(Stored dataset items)

********************

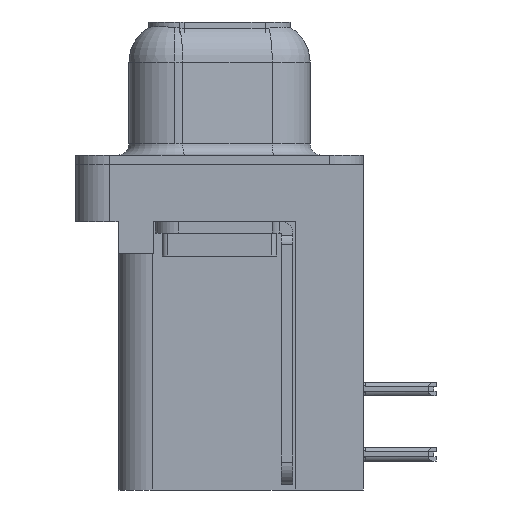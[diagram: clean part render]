
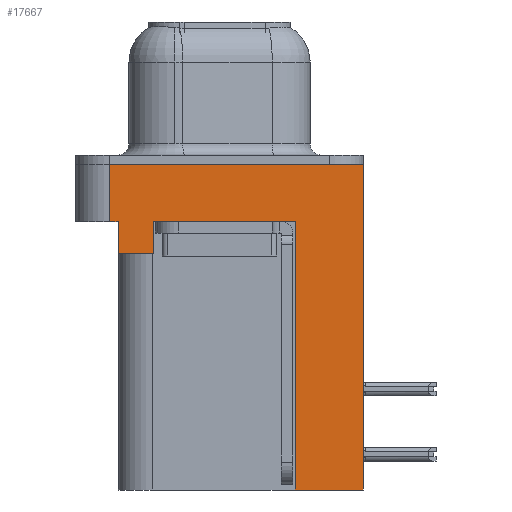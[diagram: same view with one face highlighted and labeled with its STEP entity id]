
A CAD part, left-side view. The second image highlights one B-rep face of the part: STEP entity #17667.
In plain terms, the highlighted planar face has unit normal (-1, 0, 0).
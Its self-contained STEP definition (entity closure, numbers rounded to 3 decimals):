
#364 = CARTESIAN_POINT ( 'NONE',  ( -2.91, -6.275, -2.5 ) ) ;
#1650 = DIRECTION ( 'NONE',  ( 0., 0., 1. ) ) ;
#1682 = LINE ( 'NONE', #4264, #16767 ) ;
#1855 = DIRECTION ( 'NONE',  ( 0., -1., 0. ) ) ;
#3024 = AXIS2_PLACEMENT_3D ( 'NONE', #364, #3279, #32195 ) ;
#3114 = FACE_OUTER_BOUND ( 'NONE', #32063, .T. ) ;
#3200 = LINE ( 'NONE', #11295, #13507 ) ;
#3279 = DIRECTION ( 'NONE',  ( -1., 0., 0. ) ) ;
#3740 = VERTEX_POINT ( 'NONE', #9766 ) ;
#3920 = DIRECTION ( 'NONE',  ( 0., 0., 1. ) ) ;
#4264 = CARTESIAN_POINT ( 'NONE',  ( -2.91, -6.275, -2.5 ) ) ;
#4556 = CARTESIAN_POINT ( 'NONE',  ( -2.91, -6.275, 0. ) ) ;
#4879 = ORIENTED_EDGE ( 'NONE', *, *, #14735, .F. ) ;
#6737 = VECTOR ( 'NONE', #3920, 1000. ) ;
#6956 = VERTEX_POINT ( 'NONE', #4556 ) ;
#7018 = CARTESIAN_POINT ( 'NONE',  ( -2.91, 4.775, -2.5 ) ) ;
#7122 = ORIENTED_EDGE ( 'NONE', *, *, #25682, .T. ) ;
#7494 = LINE ( 'NONE', #10074, #21761 ) ;
#8238 = VERTEX_POINT ( 'NONE', #31447 ) ;
#8502 = CARTESIAN_POINT ( 'NONE',  ( -2.91, 4.775, -2.5 ) ) ;
#8941 = LINE ( 'NONE', #22560, #14910 ) ;
#9036 = VERTEX_POINT ( 'NONE', #21948 ) ;
#9042 = ORIENTED_EDGE ( 'NONE', *, *, #13017, .F. ) ;
#9093 = ORIENTED_EDGE ( 'NONE', *, *, #11973, .F. ) ;
#9532 = ORIENTED_EDGE ( 'NONE', *, *, #28751, .T. ) ;
#9766 = CARTESIAN_POINT ( 'NONE',  ( -2.91, 4.775, 0. ) ) ;
#9771 = CARTESIAN_POINT ( 'NONE',  ( -2.91, -6.275, 0. ) ) ;
#10074 = CARTESIAN_POINT ( 'NONE',  ( -2.91, -3.295, -14.2 ) ) ;
#10720 = ORIENTED_EDGE ( 'NONE', *, *, #13413, .T. ) ;
#10934 = LINE ( 'NONE', #8502, #12668 ) ;
#11295 = CARTESIAN_POINT ( 'NONE',  ( -2.91, -6.275, -2.5 ) ) ;
#11577 = CARTESIAN_POINT ( 'NONE',  ( -2.91, 2.895, -2.5 ) ) ;
#11689 = ORIENTED_EDGE ( 'NONE', *, *, #29489, .F. ) ;
#11838 = LINE ( 'NONE', #22356, #30877 ) ;
#11973 = EDGE_CURVE ( 'NONE', #27654, #3740, #10934, .T. ) ;
#12668 = VECTOR ( 'NONE', #13684, 1000. ) ;
#13017 = EDGE_CURVE ( 'NONE', #9036, #27227, #8941, .T. ) ;
#13284 = CARTESIAN_POINT ( 'NONE',  ( -2.91, 4.425, -3.9 ) ) ;
#13413 = EDGE_CURVE ( 'NONE', #20728, #6956, #11838, .T. ) ;
#13507 = VECTOR ( 'NONE', #24371, 1000. ) ;
#13684 = DIRECTION ( 'NONE',  ( 0., 0., 1. ) ) ;
#13777 = PLANE ( 'NONE',  #3024 ) ;
#13874 = CARTESIAN_POINT ( 'NONE',  ( -2.91, 4.425, -2.5 ) ) ;
#14480 = CARTESIAN_POINT ( 'NONE',  ( -2.91, -3.295, -14.2 ) ) ;
#14657 = EDGE_CURVE ( 'NONE', #8238, #23786, #25272, .T. ) ;
#14735 = EDGE_CURVE ( 'NONE', #3740, #6956, #15447, .T. ) ;
#14910 = VECTOR ( 'NONE', #19440, 1000. ) ;
#15447 = LINE ( 'NONE', #9771, #22711 ) ;
#16767 = VECTOR ( 'NONE', #29906, 1000. ) ;
#17667 = ADVANCED_FACE ( 'NONE', ( #3114 ), #13777, .T. ) ;
#18665 = VECTOR ( 'NONE', #31511, 1000. ) ;
#19440 = DIRECTION ( 'NONE',  ( 0., 0., 1. ) ) ;
#19599 = VECTOR ( 'NONE', #28455, 1000. ) ;
#19769 = EDGE_CURVE ( 'NONE', #30999, #22810, #7494, .T. ) ;
#20728 = VERTEX_POINT ( 'NONE', #31958 ) ;
#21761 = VECTOR ( 'NONE', #1650, 1000. ) ;
#21948 = CARTESIAN_POINT ( 'NONE',  ( -2.91, 4.425, -3.9 ) ) ;
#22356 = CARTESIAN_POINT ( 'NONE',  ( -2.91, -6.275, -2.5 ) ) ;
#22560 = CARTESIAN_POINT ( 'NONE',  ( -2.91, 4.425, -3.9 ) ) ;
#22711 = VECTOR ( 'NONE', #1855, 1000. ) ;
#22810 = VERTEX_POINT ( 'NONE', #24100 ) ;
#23456 = LINE ( 'NONE', #13284, #19599 ) ;
#23786 = VERTEX_POINT ( 'NONE', #11577 ) ;
#24100 = CARTESIAN_POINT ( 'NONE',  ( -2.91, -3.295, -2.5 ) ) ;
#24371 = DIRECTION ( 'NONE',  ( 0., -1., 0. ) ) ;
#25272 = LINE ( 'NONE', #33186, #6737 ) ;
#25682 = EDGE_CURVE ( 'NONE', #27654, #27227, #1682, .T. ) ;
#26362 = LINE ( 'NONE', #29598, #18665 ) ;
#26946 = ORIENTED_EDGE ( 'NONE', *, *, #19769, .F. ) ;
#27227 = VERTEX_POINT ( 'NONE', #13874 ) ;
#27654 = VERTEX_POINT ( 'NONE', #7018 ) ;
#28070 = ORIENTED_EDGE ( 'NONE', *, *, #14657, .T. ) ;
#28455 = DIRECTION ( 'NONE',  ( 0., 1., 0. ) ) ;
#28751 = EDGE_CURVE ( 'NONE', #23786, #22810, #3200, .T. ) ;
#29489 = EDGE_CURVE ( 'NONE', #8238, #9036, #23456, .T. ) ;
#29598 = CARTESIAN_POINT ( 'NONE',  ( -2.91, -3.295, -14.2 ) ) ;
#29906 = DIRECTION ( 'NONE',  ( 0., -1., 0. ) ) ;
#30877 = VECTOR ( 'NONE', #32845, 1000. ) ;
#30999 = VERTEX_POINT ( 'NONE', #14480 ) ;
#31447 = CARTESIAN_POINT ( 'NONE',  ( -2.91, 2.895, -3.9 ) ) ;
#31511 = DIRECTION ( 'NONE',  ( 0., 1., 0. ) ) ;
#31958 = CARTESIAN_POINT ( 'NONE',  ( -2.91, -6.275, -14.2 ) ) ;
#32063 = EDGE_LOOP ( 'NONE', ( #4879, #9093, #7122, #9042, #11689, #28070, #9532, #26946, #32612, #10720 ) ) ;
#32195 = DIRECTION ( 'NONE',  ( 0., 0., 1. ) ) ;
#32612 = ORIENTED_EDGE ( 'NONE', *, *, #33627, .F. ) ;
#32845 = DIRECTION ( 'NONE',  ( 0., 0., 1. ) ) ;
#33186 = CARTESIAN_POINT ( 'NONE',  ( -2.91, 2.895, -3.9 ) ) ;
#33627 = EDGE_CURVE ( 'NONE', #20728, #30999, #26362, .T. ) ;

********************

● The task
Output only the lines from the line that contains "#31447 = CARTESIAN_POINT" through the end of the entries, both included, exactly as they appear.

● Exercise response
#31447 = CARTESIAN_POINT ( 'NONE',  ( -2.91, 2.895, -3.9 ) ) ;
#31511 = DIRECTION ( 'NONE',  ( 0., 1., 0. ) ) ;
#31958 = CARTESIAN_POINT ( 'NONE',  ( -2.91, -6.275, -14.2 ) ) ;
#32063 = EDGE_LOOP ( 'NONE', ( #4879, #9093, #7122, #9042, #11689, #28070, #9532, #26946, #32612, #10720 ) ) ;
#32195 = DIRECTION ( 'NONE',  ( 0., 0., 1. ) ) ;
#32612 = ORIENTED_EDGE ( 'NONE', *, *, #33627, .F. ) ;
#32845 = DIRECTION ( 'NONE',  ( 0., 0., 1. ) ) ;
#33186 = CARTESIAN_POINT ( 'NONE',  ( -2.91, 2.895, -3.9 ) ) ;
#33627 = EDGE_CURVE ( 'NONE', #20728, #30999, #26362, .T. ) ;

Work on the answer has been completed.